> ACTION ITEM:
Every line with the string "Circle" must be copied from the entries below.

Excerpts from a dataset:
........
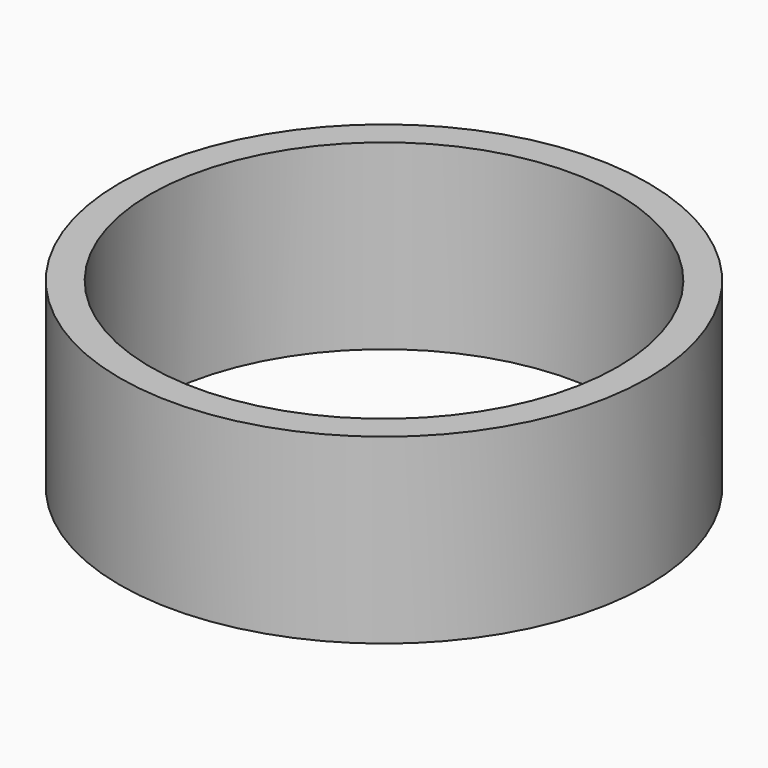
from build123d import *

# Parameters (mm, degrees)
F0_R     = 21.75
F0_R_2   = 19.25
F1_DEPTH = 15


# Not quite as in the source:
# - a feature names something its author has since deleted; it is built from what else it names


with BuildPart() as f1:
    # F0 (on Top) → F1 (new body)
    with BuildSketch(Plane.XY):
        Circle(F0_R)
        Circle(F0_R_2, mode=Mode.SUBTRACT)
    extrude(amount=F1_DEPTH)


solid = f1.part
........
> TASK RESPONSE:
        Circle(F0_R)
        Circle(F0_R_2, mode=Mode.SUBTRACT)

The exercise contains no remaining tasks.